Supplied material:
=== Section Start ===

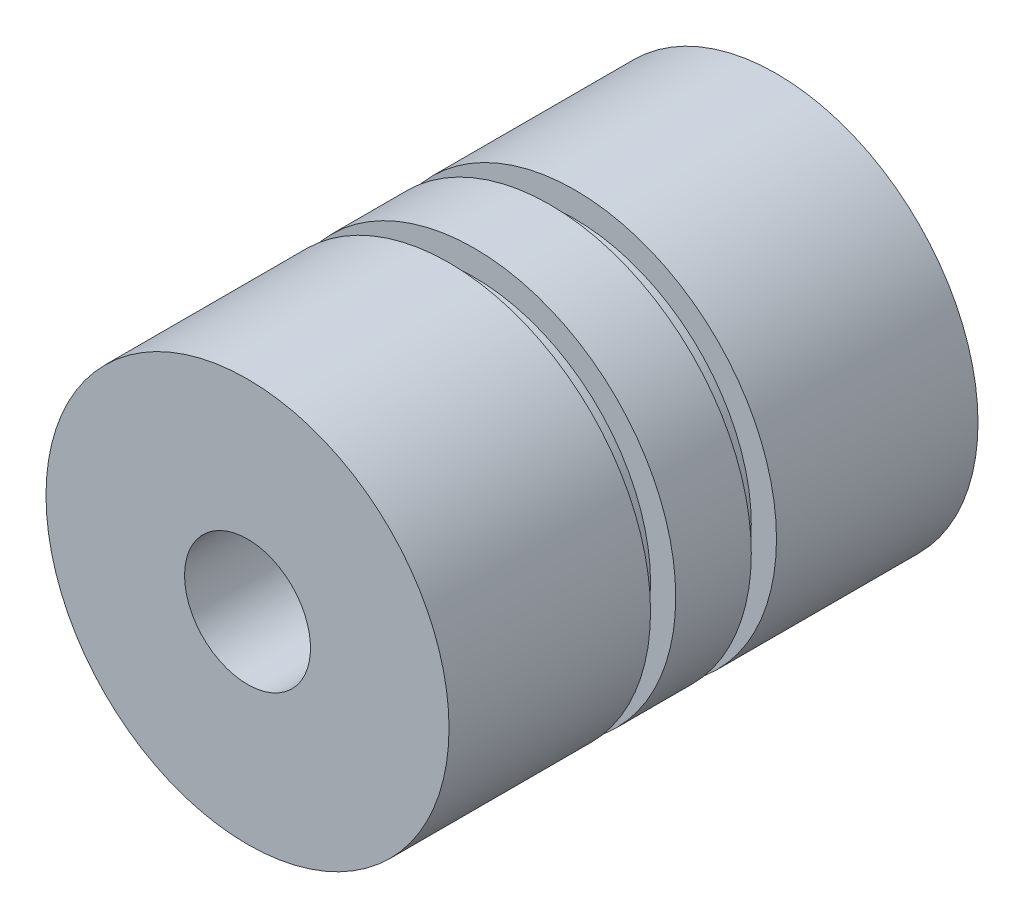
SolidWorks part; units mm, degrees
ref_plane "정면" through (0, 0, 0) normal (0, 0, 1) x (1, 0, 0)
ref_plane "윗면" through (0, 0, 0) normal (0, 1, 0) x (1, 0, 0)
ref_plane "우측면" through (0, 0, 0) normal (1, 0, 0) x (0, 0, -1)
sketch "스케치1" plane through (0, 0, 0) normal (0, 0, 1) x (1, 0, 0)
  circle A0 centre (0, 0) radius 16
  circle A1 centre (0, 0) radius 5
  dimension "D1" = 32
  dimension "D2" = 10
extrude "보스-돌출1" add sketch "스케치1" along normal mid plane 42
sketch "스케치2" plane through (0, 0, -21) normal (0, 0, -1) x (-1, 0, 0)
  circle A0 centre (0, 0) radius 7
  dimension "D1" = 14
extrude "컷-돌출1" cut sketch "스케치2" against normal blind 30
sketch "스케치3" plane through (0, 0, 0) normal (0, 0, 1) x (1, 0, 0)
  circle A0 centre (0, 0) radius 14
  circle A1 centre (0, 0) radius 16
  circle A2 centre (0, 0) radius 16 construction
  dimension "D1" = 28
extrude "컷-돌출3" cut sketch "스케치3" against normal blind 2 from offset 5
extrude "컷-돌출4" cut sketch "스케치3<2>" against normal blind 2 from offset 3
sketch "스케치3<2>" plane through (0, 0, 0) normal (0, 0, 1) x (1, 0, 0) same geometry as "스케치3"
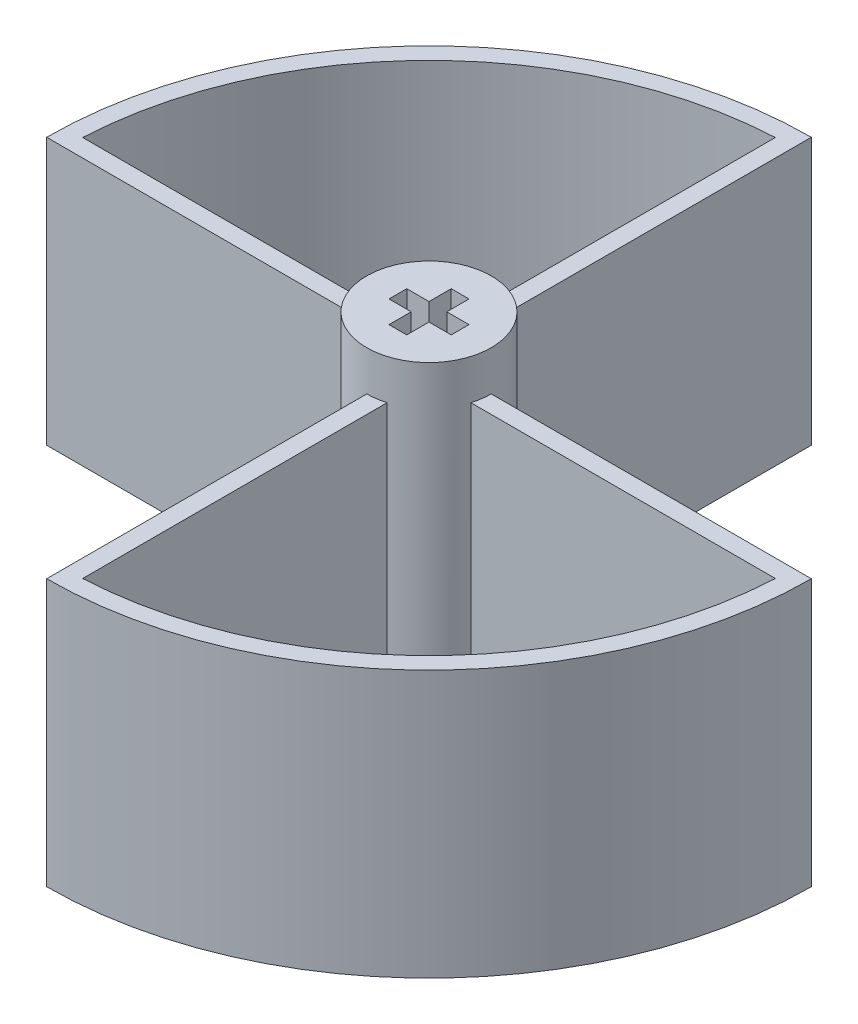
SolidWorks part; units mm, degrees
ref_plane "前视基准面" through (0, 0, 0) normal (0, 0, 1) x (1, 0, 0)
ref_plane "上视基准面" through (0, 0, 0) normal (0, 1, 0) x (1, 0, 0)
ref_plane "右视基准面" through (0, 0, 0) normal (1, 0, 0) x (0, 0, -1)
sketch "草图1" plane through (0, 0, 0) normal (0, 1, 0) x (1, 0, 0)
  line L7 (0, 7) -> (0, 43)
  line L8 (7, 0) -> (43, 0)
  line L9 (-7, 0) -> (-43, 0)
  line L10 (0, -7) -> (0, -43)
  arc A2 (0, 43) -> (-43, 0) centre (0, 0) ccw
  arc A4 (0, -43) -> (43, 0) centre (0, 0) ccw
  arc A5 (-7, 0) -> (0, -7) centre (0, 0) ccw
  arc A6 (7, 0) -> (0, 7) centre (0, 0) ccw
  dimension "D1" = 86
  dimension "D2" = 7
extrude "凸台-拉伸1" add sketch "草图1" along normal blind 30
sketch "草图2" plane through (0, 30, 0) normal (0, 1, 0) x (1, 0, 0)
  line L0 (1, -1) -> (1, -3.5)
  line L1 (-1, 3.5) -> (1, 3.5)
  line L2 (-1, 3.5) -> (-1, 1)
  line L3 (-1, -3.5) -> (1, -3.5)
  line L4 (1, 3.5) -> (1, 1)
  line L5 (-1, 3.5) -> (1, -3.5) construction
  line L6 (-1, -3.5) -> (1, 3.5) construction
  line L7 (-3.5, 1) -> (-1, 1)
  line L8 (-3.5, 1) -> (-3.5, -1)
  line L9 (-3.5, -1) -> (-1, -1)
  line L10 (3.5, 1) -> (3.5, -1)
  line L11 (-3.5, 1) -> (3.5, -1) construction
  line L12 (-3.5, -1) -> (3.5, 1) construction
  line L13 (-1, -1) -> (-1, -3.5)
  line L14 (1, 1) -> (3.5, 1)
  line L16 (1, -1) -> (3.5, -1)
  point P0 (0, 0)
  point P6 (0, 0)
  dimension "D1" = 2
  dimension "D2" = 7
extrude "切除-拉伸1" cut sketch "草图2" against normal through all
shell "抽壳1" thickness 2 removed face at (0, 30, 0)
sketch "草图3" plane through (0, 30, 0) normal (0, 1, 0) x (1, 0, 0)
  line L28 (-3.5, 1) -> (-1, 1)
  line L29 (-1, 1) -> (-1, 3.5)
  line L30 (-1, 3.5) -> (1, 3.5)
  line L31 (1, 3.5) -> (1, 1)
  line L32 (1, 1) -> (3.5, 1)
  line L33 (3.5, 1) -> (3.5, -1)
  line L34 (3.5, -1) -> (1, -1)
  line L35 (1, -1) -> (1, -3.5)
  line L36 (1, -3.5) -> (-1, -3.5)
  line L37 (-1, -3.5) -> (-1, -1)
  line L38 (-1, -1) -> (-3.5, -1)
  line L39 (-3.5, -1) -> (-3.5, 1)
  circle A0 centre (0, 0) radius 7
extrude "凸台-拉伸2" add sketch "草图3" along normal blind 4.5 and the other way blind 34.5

=== Section End ===

Try it: Make an exact copy of the listing above. Do not include the pictures.

Final answer:
SolidWorks part; units mm, degrees
ref_plane "정면" through (0, 0, 0) normal (0, 0, 1) x (1, 0, 0)
ref_plane "윗면" through (0, 0, 0) normal (0, 1, 0) x (1, 0, 0)
ref_plane "우측면" through (0, 0, 0) normal (1, 0, 0) x (0, 0, -1)
sketch "스케치1" plane through (0, 0, 0) normal (0, 0, 1) x (1, 0, 0)
  circle A0 centre (0, 0) radius 16
  circle A1 centre (0, 0) radius 5
  dimension "D1" = 32
  dimension "D2" = 10
extrude "보스-돌출1" add sketch "스케치1" along normal mid plane 42
sketch "스케치2" plane through (0, 0, -21) normal (0, 0, -1) x (-1, 0, 0)
  circle A0 centre (0, 0) radius 7
  dimension "D1" = 14
extrude "컷-돌출1" cut sketch "스케치2" against normal blind 30
sketch "스케치3" plane through (0, 0, 0) normal (0, 0, 1) x (1, 0, 0)
  circle A0 centre (0, 0) radius 14
  circle A1 centre (0, 0) radius 16
  circle A2 centre (0, 0) radius 16 construction
  dimension "D1" = 28
extrude "컷-돌출3" cut sketch "스케치3" against normal blind 2 from offset 5
extrude "컷-돌출4" cut sketch "스케치3<2>" against normal blind 2 from offset 3
sketch "스케치3<2>" plane through (0, 0, 0) normal (0, 0, 1) x (1, 0, 0) same geometry as "스케치3"
SolidWorks part; units mm, degrees
ref_plane "前视基准面" through (0, 0, 0) normal (0, 0, 1) x (1, 0, 0)
ref_plane "上视基准面" through (0, 0, 0) normal (0, 1, 0) x (1, 0, 0)
ref_plane "右视基准面" through (0, 0, 0) normal (1, 0, 0) x (0, 0, -1)
sketch "草图1" plane through (0, 0, 0) normal (0, 1, 0) x (1, 0, 0)
  line L7 (0, 7) -> (0, 43)
  line L8 (7, 0) -> (43, 0)
  line L9 (-7, 0) -> (-43, 0)
  line L10 (0, -7) -> (0, -43)
  arc A2 (0, 43) -> (-43, 0) centre (0, 0) ccw
  arc A4 (0, -43) -> (43, 0) centre (0, 0) ccw
  arc A5 (-7, 0) -> (0, -7) centre (0, 0) ccw
  arc A6 (7, 0) -> (0, 7) centre (0, 0) ccw
  dimension "D1" = 86
  dimension "D2" = 7
extrude "凸台-拉伸1" add sketch "草图1" along normal blind 30
sketch "草图2" plane through (0, 30, 0) normal (0, 1, 0) x (1, 0, 0)
  line L0 (1, -1) -> (1, -3.5)
  line L1 (-1, 3.5) -> (1, 3.5)
  line L2 (-1, 3.5) -> (-1, 1)
  line L3 (-1, -3.5) -> (1, -3.5)
  line L4 (1, 3.5) -> (1, 1)
  line L5 (-1, 3.5) -> (1, -3.5) construction
  line L6 (-1, -3.5) -> (1, 3.5) construction
  line L7 (-3.5, 1) -> (-1, 1)
  line L8 (-3.5, 1) -> (-3.5, -1)
  line L9 (-3.5, -1) -> (-1, -1)
  line L10 (3.5, 1) -> (3.5, -1)
  line L11 (-3.5, 1) -> (3.5, -1) construction
  line L12 (-3.5, -1) -> (3.5, 1) construction
  line L13 (-1, -1) -> (-1, -3.5)
  line L14 (1, 1) -> (3.5, 1)
  line L16 (1, -1) -> (3.5, -1)
  point P0 (0, 0)
  point P6 (0, 0)
  dimension "D1" = 2
  dimension "D2" = 7
extrude "切除-拉伸1" cut sketch "草图2" against normal through all
shell "抽壳1" thickness 2 removed face at (0, 30, 0)
sketch "草图3" plane through (0, 30, 0) normal (0, 1, 0) x (1, 0, 0)
  line L28 (-3.5, 1) -> (-1, 1)
  line L29 (-1, 1) -> (-1, 3.5)
  line L30 (-1, 3.5) -> (1, 3.5)
  line L31 (1, 3.5) -> (1, 1)
  line L32 (1, 1) -> (3.5, 1)
  line L33 (3.5, 1) -> (3.5, -1)
  line L34 (3.5, -1) -> (1, -1)
  line L35 (1, -1) -> (1, -3.5)
  line L36 (1, -3.5) -> (-1, -3.5)
  line L37 (-1, -3.5) -> (-1, -1)
  line L38 (-1, -1) -> (-3.5, -1)
  line L39 (-3.5, -1) -> (-3.5, 1)
  circle A0 centre (0, 0) radius 7
extrude "凸台-拉伸2" add sketch "草图3" along normal blind 4.5 and the other way blind 34.5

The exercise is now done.